**EXERCISE OBJECTIVE**
Every line in the listing below from the one with "#162=EDGE_LOOP('',(#161));" through the one with "#181=EDGE_CURVE('E167',#172,#180,#178,.T.);" is to be reproduced exactly, both ends included; leave out the rest.

◆ ◆ ◆ ◆

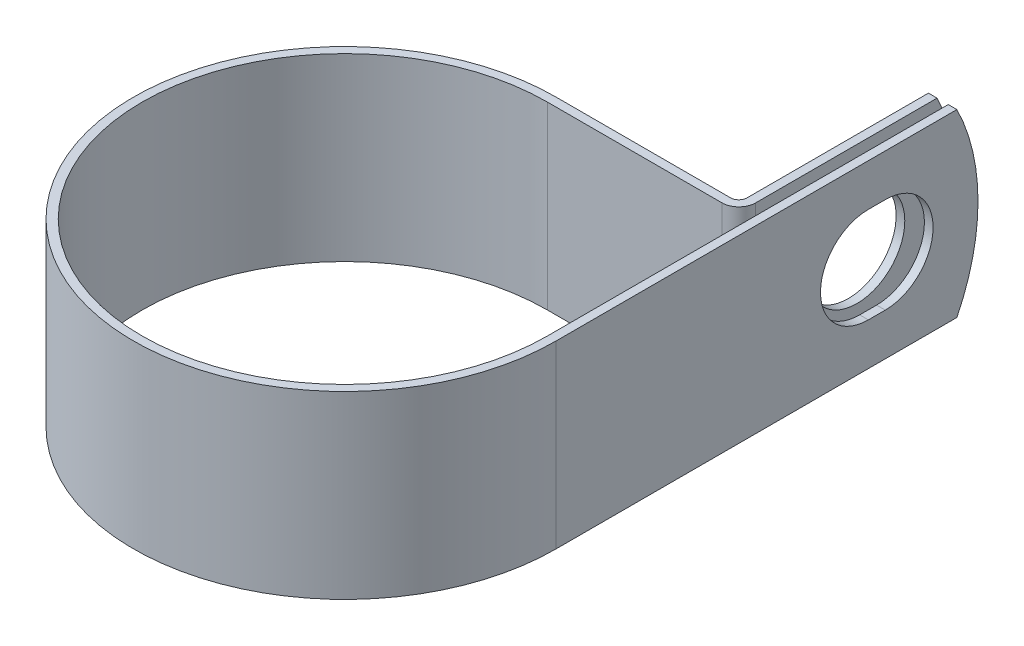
ISO-10303-21;
HEADER;
FILE_DESCRIPTION(('STEP AP214'),'2;1');
FILE_NAME('part.step','',(''),(''),'','','');
FILE_SCHEMA(('AUTOMOTIVE_DESIGN { 1 0 10303 214 1 1 1 1 }'));
ENDSEC;
DATA;
#1=APPLICATION_CONTEXT('core data for automotive mechanical design processes');
#2=APPLICATION_PROTOCOL_DEFINITION('international standard','automotive_design',2000,#1);
#3=PRODUCT_CONTEXT('',#1,'mechanical');
#4=PRODUCT('Part','Part','',(#3));
#5=PRODUCT_RELATED_PRODUCT_CATEGORY('part','',(#4));
#6=PRODUCT_DEFINITION_FORMATION('','',#4);
#7=PRODUCT_DEFINITION_CONTEXT('part definition',#1,'design');
#8=PRODUCT_DEFINITION('design','',#6,#7);
#9=PRODUCT_DEFINITION_SHAPE('','',#8);
#10=(LENGTH_UNIT() NAMED_UNIT(*) SI_UNIT(.MILLI.,.METRE.));
#11=(NAMED_UNIT(*) PLANE_ANGLE_UNIT() SI_UNIT($,.RADIAN.));
#12=(NAMED_UNIT(*) SI_UNIT($,.STERADIAN.) SOLID_ANGLE_UNIT());
#13=UNCERTAINTY_MEASURE_WITH_UNIT(LENGTH_MEASURE(1.E-05),#10,'distance_accuracy_value','');
#14=(GEOMETRIC_REPRESENTATION_CONTEXT(3) GLOBAL_UNCERTAINTY_ASSIGNED_CONTEXT((#13)) GLOBAL_UNIT_ASSIGNED_CONTEXT((#10,
#11,#12)) REPRESENTATION_CONTEXT('',''));
#15=CARTESIAN_POINT('',(0.,0.,0.));
#16=DIRECTION('',(0.,0.,1.));
#17=DIRECTION('',(1.,0.,0.));
#18=AXIS2_PLACEMENT_3D('',#15,#16,#17);
#19=CARTESIAN_POINT('',(28.575,12.7,0.));
#20=DIRECTION('',(-1.,0.,0.));
#21=DIRECTION('',(0.,0.,1.));
#22=AXIS2_PLACEMENT_3D('',#19,#20,#21);
#23=PLANE('',#22);
#24=DIRECTION('',(0.,0.,-1.));
#25=VECTOR('',#24,1.);
#26=CARTESIAN_POINT('',(28.575,-6.7437,-44.0435999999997));
#27=LINE('',#26,#25);
#28=CARTESIAN_POINT('',(28.575,-6.7437,-44.0435999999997));
#29=VERTEX_POINT('',#28);
#30=CARTESIAN_POINT('',(28.575,-6.7437,-46.4312000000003));
#31=VERTEX_POINT('',#30);
#32=EDGE_CURVE('E236',#29,#31,#27,.T.);
#33=ORIENTED_EDGE('',*,*,#32,.T.);
#34=CARTESIAN_POINT('',(28.575,0.,-46.4311999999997));
#35=DIRECTION('',(-1.,0.,0.));
#36=DIRECTION('',(0.,0.,1.));
#37=AXIS2_PLACEMENT_3D('',#34,#35,#36);
#38=CIRCLE('',#37,6.7437);
#39=CARTESIAN_POINT('',(28.575,6.7437,-46.4312000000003));
#40=VERTEX_POINT('',#39);
#41=EDGE_CURVE('E257',#31,#40,#38,.F.);
#42=ORIENTED_EDGE('',*,*,#41,.T.);
#43=DIRECTION('',(0.,0.,1.));
#44=VECTOR('',#43,1.);
#45=CARTESIAN_POINT('',(28.575,6.7437,-44.0435999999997));
#46=LINE('',#45,#44);
#47=CARTESIAN_POINT('',(28.575,6.7437,-44.0435999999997));
#48=VERTEX_POINT('',#47);
#49=EDGE_CURVE('E253',#40,#48,#46,.T.);
#50=ORIENTED_EDGE('',*,*,#49,.T.);
#51=CARTESIAN_POINT('',(28.575,0.,-44.0435999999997));
#52=DIRECTION('',(-1.,0.,0.));
#53=DIRECTION('',(0.,0.,1.));
#54=AXIS2_PLACEMENT_3D('',#51,#52,#53);
#55=CIRCLE('',#54,6.7437);
#56=EDGE_CURVE('E248',#48,#29,#55,.F.);
#57=ORIENTED_EDGE('',*,*,#56,.T.);
#58=EDGE_LOOP('',(#33,#42,#50,#57));
#59=FACE_BOUND('',#58,.T.);
#60=CARTESIAN_POINT('',(28.575,0.,-30.9372));
#61=DIRECTION('',(-1.,0.,0.));
#62=DIRECTION('',(0.,0.,1.));
#63=AXIS2_PLACEMENT_3D('',#60,#61,#62);
#64=CIRCLE('',#63,28.575);
#65=CARTESIAN_POINT('',(28.575,12.7,-56.5348683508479));
#66=VERTEX_POINT('',#65);
#67=CARTESIAN_POINT('',(28.575,-12.7,-56.5348683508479));
#68=VERTEX_POINT('',#67);
#69=EDGE_CURVE('E75',#66,#68,#64,.T.);
#70=ORIENTED_EDGE('',*,*,#69,.T.);
#71=DIRECTION('',(0.,0.,-1.));
#72=VECTOR('',#71,1.);
#73=CARTESIAN_POINT('',(28.575,-12.7,0.));
#74=LINE('',#73,#72);
#75=CARTESIAN_POINT('',(28.575,-12.7,0.));
#76=VERTEX_POINT('',#75);
#77=EDGE_CURVE('E271',#76,#68,#74,.T.);
#78=ORIENTED_EDGE('',*,*,#77,.F.);
#79=DIRECTION('',(0.,-1.,0.));
#80=VECTOR('',#79,1.);
#81=CARTESIAN_POINT('',(28.575,12.7,0.));
#82=LINE('',#81,#80);
#83=CARTESIAN_POINT('',(28.575,12.7,0.));
#84=VERTEX_POINT('',#83);
#85=EDGE_CURVE('E218',#84,#76,#82,.T.);
#86=ORIENTED_EDGE('',*,*,#85,.F.);
#87=DIRECTION('',(0.,0.,-1.));
#88=VECTOR('',#87,1.);
#89=CARTESIAN_POINT('',(28.575,12.7,-28.575));
#90=LINE('',#89,#88);
#91=EDGE_CURVE('E273',#84,#66,#90,.T.);
#92=ORIENTED_EDGE('',*,*,#91,.T.);
#93=EDGE_LOOP('',(#70,#78,#86,#92));
#94=FACE_BOUND('',#93,.T.);
#95=ADVANCED_FACE('F54',(#59,#94),#23,.T.);
#96=CARTESIAN_POINT('',(27.0002,12.7,-59.5122));
#97=DIRECTION('',(1.,0.,0.));
#98=DIRECTION('',(0.,0.,-1.));
#99=AXIS2_PLACEMENT_3D('',#96,#97,#98);
#100=PLANE('',#99);
#101=CARTESIAN_POINT('',(27.0002,0.,-45.2374));
#102=DIRECTION('',(1.,0.,0.));
#103=DIRECTION('',(0.,0.,-1.));
#104=AXIS2_PLACEMENT_3D('',#101,#102,#103);
#105=CIRCLE('',#104,6.7437);
#106=CARTESIAN_POINT('',(27.0002,0.,-51.9811));
#107=VERTEX_POINT('',#106);
#108=EDGE_CURVE('E268',#107,#107,#105,.F.);
#109=ORIENTED_EDGE('',*,*,#108,.T.);
#110=EDGE_LOOP('',(#109));
#111=FACE_BOUND('',#110,.T.);
#112=DIRECTION('',(0.,0.,1.));
#113=VECTOR('',#112,1.);
#114=CARTESIAN_POINT('',(27.0002,-12.7,-59.5122));
#115=LINE('',#114,#113);
#116=CARTESIAN_POINT('',(27.0002,-12.7,-56.5348683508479));
#117=VERTEX_POINT('',#116);
#118=CARTESIAN_POINT('',(27.0002,-12.7,-30.95244));
#119=VERTEX_POINT('',#118);
#120=EDGE_CURVE('E184',#117,#119,#115,.T.);
#121=ORIENTED_EDGE('',*,*,#120,.F.);
#122=CARTESIAN_POINT('',(27.0002,0.,-30.9372));
#123=DIRECTION('',(1.,0.,0.));
#124=DIRECTION('',(0.,0.,-1.));
#125=AXIS2_PLACEMENT_3D('',#122,#123,#124);
#126=CIRCLE('',#125,28.575);
#127=CARTESIAN_POINT('',(27.0002,12.7,-56.5348683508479));
#128=VERTEX_POINT('',#127);
#129=EDGE_CURVE('E176',#117,#128,#126,.T.);
#130=ORIENTED_EDGE('',*,*,#129,.T.);
#131=DIRECTION('',(0.,0.,1.));
#132=VECTOR('',#131,1.);
#133=CARTESIAN_POINT('',(27.0002,12.7,-59.5122));
#134=LINE('',#133,#132);
#135=CARTESIAN_POINT('',(27.0002,12.7,-30.95244));
#136=VERTEX_POINT('',#135);
#137=EDGE_CURVE('E224',#128,#136,#134,.T.);
#138=ORIENTED_EDGE('',*,*,#137,.T.);
#139=DIRECTION('',(0.,-1.,0.));
#140=VECTOR('',#139,1.);
#141=CARTESIAN_POINT('',(27.0002,12.7,-30.95244));
#142=LINE('',#141,#140);
#143=EDGE_CURVE('E211',#136,#119,#142,.T.);
#144=ORIENTED_EDGE('',*,*,#143,.T.);
#145=EDGE_LOOP('',(#121,#130,#138,#144));
#146=FACE_BOUND('',#145,.T.);
#147=ADVANCED_FACE('F226',(#111,#146),#100,.T.);
#148=CARTESIAN_POINT('',(25.781,12.7,-59.5122));
#149=DIRECTION('',(1.,0.,0.));
#150=DIRECTION('',(0.,0.,-1.));
#151=AXIS2_PLACEMENT_3D('',#148,#149,#150);
#152=PLANE('',#151);
#153=CARTESIAN_POINT('',(25.781,0.,-45.2374));
#154=DIRECTION('',(-1.,0.,0.));
#155=DIRECTION('',(0.,0.,1.));
#156=AXIS2_PLACEMENT_3D('',#153,#154,#155);
#157=CIRCLE('',#156,6.7437);
#158=CARTESIAN_POINT('',(25.781,0.,-38.4937));
#159=VERTEX_POINT('',#158);
#160=EDGE_CURVE('E265',#159,#159,#157,.T.);
#161=ORIENTED_EDGE('',*,*,#160,.F.);
#162=EDGE_LOOP('',(#161));
#163=FACE_BOUND('',#162,.T.);
#164=CARTESIAN_POINT('',(25.781,0.,-30.9372));
#165=DIRECTION('',(-1.,0.,0.));
#166=DIRECTION('',(0.,0.,1.));
#167=AXIS2_PLACEMENT_3D('',#164,#165,#166);
#168=CIRCLE('',#167,28.575);
#169=CARTESIAN_POINT('',(25.781,12.7,-56.5348683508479));
#170=VERTEX_POINT('',#169);
#171=CARTESIAN_POINT('',(25.781,-12.7,-56.5348683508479));
#172=VERTEX_POINT('',#171);
#173=EDGE_CURVE('E67',#170,#172,#168,.T.);
#174=ORIENTED_EDGE('',*,*,#173,.T.);
#175=DIRECTION('',(0.,0.,1.));
#176=VECTOR('',#175,1.);
#177=CARTESIAN_POINT('',(25.781,-12.7,-59.5122));
#178=LINE('',#177,#176);
#179=CARTESIAN_POINT('',(25.781,-12.7,-30.95244));
#180=VERTEX_POINT('',#179);
#181=EDGE_CURVE('E167',#172,#180,#178,.T.);
#182=ORIENTED_EDGE('',*,*,#181,.T.);
#183=DIRECTION('',(0.,-1.,0.));
#184=VECTOR('',#183,1.);
#185=CARTESIAN_POINT('',(25.781,12.7,-30.95244));
#186=LINE('',#185,#184);
#187=CARTESIAN_POINT('',(25.781,12.7,-30.95244));
#188=VERTEX_POINT('',#187);
#189=EDGE_CURVE('E209',#188,#180,#186,.T.);
#190=ORIENTED_EDGE('',*,*,#189,.F.);
#191=DIRECTION('',(0.,0.,1.));
#192=VECTOR('',#191,1.);
#193=CARTESIAN_POINT('',(25.781,12.7,-59.5122));
#194=LINE('',#193,#192);
#195=EDGE_CURVE('E169',#170,#188,#194,.T.);
#196=ORIENTED_EDGE('',*,*,#195,.F.);
#197=EDGE_LOOP('',(#174,#182,#190,#196));
#198=FACE_BOUND('',#197,.T.);
#199=ADVANCED_FACE('F164',(#163,#198),#152,.F.);
#200=CARTESIAN_POINT('',(29.7942,12.7,0.));
#201=DIRECTION('',(-1.,0.,0.));
#202=DIRECTION('',(0.,0.,1.));
#203=AXIS2_PLACEMENT_3D('',#200,#201,#202);
#204=PLANE('',#203);
#205=CARTESIAN_POINT('',(29.7942,0.,-46.4311999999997));
#206=DIRECTION('',(1.,0.,0.));
#207=DIRECTION('',(0.,0.,-1.));
#208=AXIS2_PLACEMENT_3D('',#205,#206,#207);
#209=CIRCLE('',#208,6.7437);
#210=CARTESIAN_POINT('',(29.7942,-6.7437,-46.4312000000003));
#211=VERTEX_POINT('',#210);
#212=CARTESIAN_POINT('',(29.7942,6.7437,-46.4312000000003));
#213=VERTEX_POINT('',#212);
#214=EDGE_CURVE('E237',#211,#213,#209,.T.);
#215=ORIENTED_EDGE('',*,*,#214,.F.);
#216=DIRECTION('',(0.,0.,-1.));
#217=VECTOR('',#216,1.);
#218=CARTESIAN_POINT('',(29.7942,-6.7437,-44.0435999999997));
#219=LINE('',#218,#217);
#220=CARTESIAN_POINT('',(29.7942,-6.7437,-44.0435999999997));
#221=VERTEX_POINT('',#220);
#222=EDGE_CURVE('E240',#221,#211,#219,.T.);
#223=ORIENTED_EDGE('',*,*,#222,.F.);
#224=CARTESIAN_POINT('',(29.7942,0.,-44.0435999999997));
#225=DIRECTION('',(1.,0.,0.));
#226=DIRECTION('',(0.,0.,-1.));
#227=AXIS2_PLACEMENT_3D('',#224,#225,#226);
#228=CIRCLE('',#227,6.7437);
#229=CARTESIAN_POINT('',(29.7942,6.7437,-44.0435999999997));
#230=VERTEX_POINT('',#229);
#231=EDGE_CURVE('E230',#230,#221,#228,.T.);
#232=ORIENTED_EDGE('',*,*,#231,.F.);
#233=DIRECTION('',(0.,0.,1.));
#234=VECTOR('',#233,1.);
#235=CARTESIAN_POINT('',(29.7942,6.7437,-44.0435999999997));
#236=LINE('',#235,#234);
#237=EDGE_CURVE('E234',#213,#230,#236,.T.);
#238=ORIENTED_EDGE('',*,*,#237,.F.);
#239=EDGE_LOOP('',(#215,#223,#232,#238));
#240=FACE_BOUND('',#239,.T.);
#241=DIRECTION('',(0.,0.,-1.));
#242=VECTOR('',#241,1.);
#243=CARTESIAN_POINT('',(29.7942,-12.7,0.));
#244=LINE('',#243,#242);
#245=CARTESIAN_POINT('',(29.7942,-12.7,0.));
#246=VERTEX_POINT('',#245);
#247=CARTESIAN_POINT('',(29.7942,-12.7,-56.5348683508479));
#248=VERTEX_POINT('',#247);
#249=EDGE_CURVE('E195',#246,#248,#244,.T.);
#250=ORIENTED_EDGE('',*,*,#249,.T.);
#251=CARTESIAN_POINT('',(29.7942,0.,-30.9372));
#252=DIRECTION('',(-1.,0.,0.));
#253=DIRECTION('',(0.,0.,1.));
#254=AXIS2_PLACEMENT_3D('',#251,#252,#253);
#255=CIRCLE('',#254,28.575);
#256=CARTESIAN_POINT('',(29.7942,12.7,-56.5348683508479));
#257=VERTEX_POINT('',#256);
#258=EDGE_CURVE('E170',#257,#248,#255,.T.);
#259=ORIENTED_EDGE('',*,*,#258,.F.);
#260=DIRECTION('',(0.,0.,-1.));
#261=VECTOR('',#260,1.);
#262=CARTESIAN_POINT('',(29.7942,12.7,-28.575));
#263=LINE('',#262,#261);
#264=CARTESIAN_POINT('',(29.7942,12.7,0.));
#265=VERTEX_POINT('',#264);
#266=EDGE_CURVE('E198',#265,#257,#263,.T.);
#267=ORIENTED_EDGE('',*,*,#266,.F.);
#268=DIRECTION('',(0.,-1.,0.));
#269=VECTOR('',#268,1.);
#270=CARTESIAN_POINT('',(29.7942,12.7,0.));
#271=LINE('',#270,#269);
#272=EDGE_CURVE('E199',#265,#246,#271,.T.);
#273=ORIENTED_EDGE('',*,*,#272,.T.);
#274=EDGE_LOOP('',(#250,#259,#267,#273));
#275=FACE_BOUND('',#274,.T.);
#276=ADVANCED_FACE('F321',(#240,#275),#204,.F.);
#277=CARTESIAN_POINT('',(0.,-12.7,0.));
#278=DIRECTION('',(0.,1.,0.));
#279=DIRECTION('',(1.,0.,0.));
#280=AXIS2_PLACEMENT_3D('',#277,#278,#279);
#281=PLANE('',#280);
#282=DIRECTION('',(-1.,0.,0.));
#283=VECTOR('',#282,1.);
#284=CARTESIAN_POINT('',(29.7942,-12.7,-56.5348683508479));
#285=LINE('',#284,#283);
#286=EDGE_CURVE('E171',#248,#68,#285,.T.);
#287=ORIENTED_EDGE('',*,*,#286,.F.);
#288=ORIENTED_EDGE('',*,*,#249,.F.);
#289=CARTESIAN_POINT('',(0.,-12.7,0.));
#290=DIRECTION('',(0.,1.,0.));
#291=DIRECTION('',(1.,0.,0.));
#292=AXIS2_PLACEMENT_3D('',#289,#290,#291);
#293=CIRCLE('',#292,29.7942);
#294=CARTESIAN_POINT('',(0.,-12.7,-29.7942));
#295=VERTEX_POINT('',#294);
#296=EDGE_CURVE('E193',#295,#246,#293,.T.);
#297=ORIENTED_EDGE('',*,*,#296,.F.);
#298=DIRECTION('',(1.,0.,0.));
#299=VECTOR('',#298,1.);
#300=CARTESIAN_POINT('',(0.,-12.7,-29.7942));
#301=LINE('',#300,#299);
#302=CARTESIAN_POINT('',(24.62276,-12.7,-29.7942));
#303=VERTEX_POINT('',#302);
#304=EDGE_CURVE('E186',#303,#295,#301,.F.);
#305=ORIENTED_EDGE('',*,*,#304,.F.);
#306=CARTESIAN_POINT('',(24.62276,-12.7,-30.95244));
#307=DIRECTION('',(0.,1.,0.));
#308=DIRECTION('',(1.,0.,0.));
#309=AXIS2_PLACEMENT_3D('',#306,#307,#308);
#310=CIRCLE('',#309,1.15824);
#311=EDGE_CURVE('E183',#180,#303,#310,.F.);
#312=ORIENTED_EDGE('',*,*,#311,.F.);
#313=ORIENTED_EDGE('',*,*,#181,.F.);
#314=DIRECTION('',(-1.,0.,0.));
#315=VECTOR('',#314,1.);
#316=CARTESIAN_POINT('',(29.7942,-12.7,-56.5348683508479));
#317=LINE('',#316,#315);
#318=EDGE_CURVE('E12',#117,#172,#317,.T.);
#319=ORIENTED_EDGE('',*,*,#318,.F.);
#320=ORIENTED_EDGE('',*,*,#120,.T.);
#321=CARTESIAN_POINT('',(24.62276,-12.7,-30.95244));
#322=DIRECTION('',(0.,-1.,0.));
#323=DIRECTION('',(0.,0.,1.));
#324=AXIS2_PLACEMENT_3D('',#321,#322,#323);
#325=CIRCLE('',#324,2.37744);
#326=CARTESIAN_POINT('',(24.62276,-12.7,-28.575));
#327=VERTEX_POINT('',#326);
#328=EDGE_CURVE('E188',#119,#327,#325,.T.);
#329=ORIENTED_EDGE('',*,*,#328,.T.);
#330=DIRECTION('',(-1.,0.,0.));
#331=VECTOR('',#330,1.);
#332=CARTESIAN_POINT('',(0.,-12.7,-28.575));
#333=LINE('',#332,#331);
#334=CARTESIAN_POINT('',(0.,-12.7,-28.575));
#335=VERTEX_POINT('',#334);
#336=EDGE_CURVE('E298',#327,#335,#333,.T.);
#337=ORIENTED_EDGE('',*,*,#336,.T.);
#338=CARTESIAN_POINT('',(0.,-12.7,0.));
#339=DIRECTION('',(0.,1.,0.));
#340=DIRECTION('',(0.,0.,1.));
#341=AXIS2_PLACEMENT_3D('',#338,#339,#340);
#342=CIRCLE('',#341,28.575);
#343=EDGE_CURVE('E295',#335,#76,#342,.T.);
#344=ORIENTED_EDGE('',*,*,#343,.T.);
#345=ORIENTED_EDGE('',*,*,#77,.T.);
#346=EDGE_LOOP('',(#287,#288,#297,#305,#312,#313,#319,#320,#329,#337,#344,#345));
#347=FACE_BOUND('',#346,.T.);
#348=ADVANCED_FACE('F181',(#347),#281,.F.);
#349=CARTESIAN_POINT('',(0.,12.7,0.));
#350=DIRECTION('',(0.,1.,0.));
#351=DIRECTION('',(1.,0.,0.));
#352=AXIS2_PLACEMENT_3D('',#349,#350,#351);
#353=PLANE('',#352);
#354=ORIENTED_EDGE('',*,*,#266,.T.);
#355=DIRECTION('',(-1.,0.,0.));
#356=VECTOR('',#355,1.);
#357=CARTESIAN_POINT('',(29.7942,12.7,-56.5348683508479));
#358=LINE('',#357,#356);
#359=EDGE_CURVE('E228',#257,#66,#358,.T.);
#360=ORIENTED_EDGE('',*,*,#359,.T.);
#361=ORIENTED_EDGE('',*,*,#91,.F.);
#362=CARTESIAN_POINT('',(0.,12.7,0.));
#363=DIRECTION('',(0.,1.,0.));
#364=DIRECTION('',(0.,0.,1.));
#365=AXIS2_PLACEMENT_3D('',#362,#363,#364);
#366=CIRCLE('',#365,28.575);
#367=CARTESIAN_POINT('',(0.,12.7,-28.575));
#368=VERTEX_POINT('',#367);
#369=EDGE_CURVE('E276',#368,#84,#366,.T.);
#370=ORIENTED_EDGE('',*,*,#369,.F.);
#371=DIRECTION('',(-1.,0.,0.));
#372=VECTOR('',#371,1.);
#373=CARTESIAN_POINT('',(0.,12.7,-28.575));
#374=LINE('',#373,#372);
#375=CARTESIAN_POINT('',(24.62276,12.7,-28.575));
#376=VERTEX_POINT('',#375);
#377=EDGE_CURVE('E279',#376,#368,#374,.T.);
#378=ORIENTED_EDGE('',*,*,#377,.F.);
#379=CARTESIAN_POINT('',(24.62276,12.7,-30.95244));
#380=DIRECTION('',(0.,-1.,0.));
#381=DIRECTION('',(0.,0.,1.));
#382=AXIS2_PLACEMENT_3D('',#379,#380,#381);
#383=CIRCLE('',#382,2.37744);
#384=EDGE_CURVE('E282',#136,#376,#383,.T.);
#385=ORIENTED_EDGE('',*,*,#384,.F.);
#386=ORIENTED_EDGE('',*,*,#137,.F.);
#387=DIRECTION('',(-1.,0.,0.));
#388=VECTOR('',#387,1.);
#389=CARTESIAN_POINT('',(29.7942,12.7,-56.5348683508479));
#390=LINE('',#389,#388);
#391=EDGE_CURVE('E61',#128,#170,#390,.T.);
#392=ORIENTED_EDGE('',*,*,#391,.T.);
#393=ORIENTED_EDGE('',*,*,#195,.T.);
#394=CARTESIAN_POINT('',(24.62276,12.7,-30.95244));
#395=DIRECTION('',(0.,1.,0.));
#396=DIRECTION('',(1.,0.,0.));
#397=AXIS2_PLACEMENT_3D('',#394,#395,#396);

◆ ◆ ◆ ◆

**EXERCISE RESPONSE**
#162=EDGE_LOOP('',(#161));
#163=FACE_BOUND('',#162,.T.);
#164=CARTESIAN_POINT('',(25.781,0.,-30.9372));
#165=DIRECTION('',(-1.,0.,0.));
#166=DIRECTION('',(0.,0.,1.));
#167=AXIS2_PLACEMENT_3D('',#164,#165,#166);
#168=CIRCLE('',#167,28.575);
#169=CARTESIAN_POINT('',(25.781,12.7,-56.5348683508479));
#170=VERTEX_POINT('',#169);
#171=CARTESIAN_POINT('',(25.781,-12.7,-56.5348683508479));
#172=VERTEX_POINT('',#171);
#173=EDGE_CURVE('E67',#170,#172,#168,.T.);
#174=ORIENTED_EDGE('',*,*,#173,.T.);
#175=DIRECTION('',(0.,0.,1.));
#176=VECTOR('',#175,1.);
#177=CARTESIAN_POINT('',(25.781,-12.7,-59.5122));
#178=LINE('',#177,#176);
#179=CARTESIAN_POINT('',(25.781,-12.7,-30.95244));
#180=VERTEX_POINT('',#179);
#181=EDGE_CURVE('E167',#172,#180,#178,.T.);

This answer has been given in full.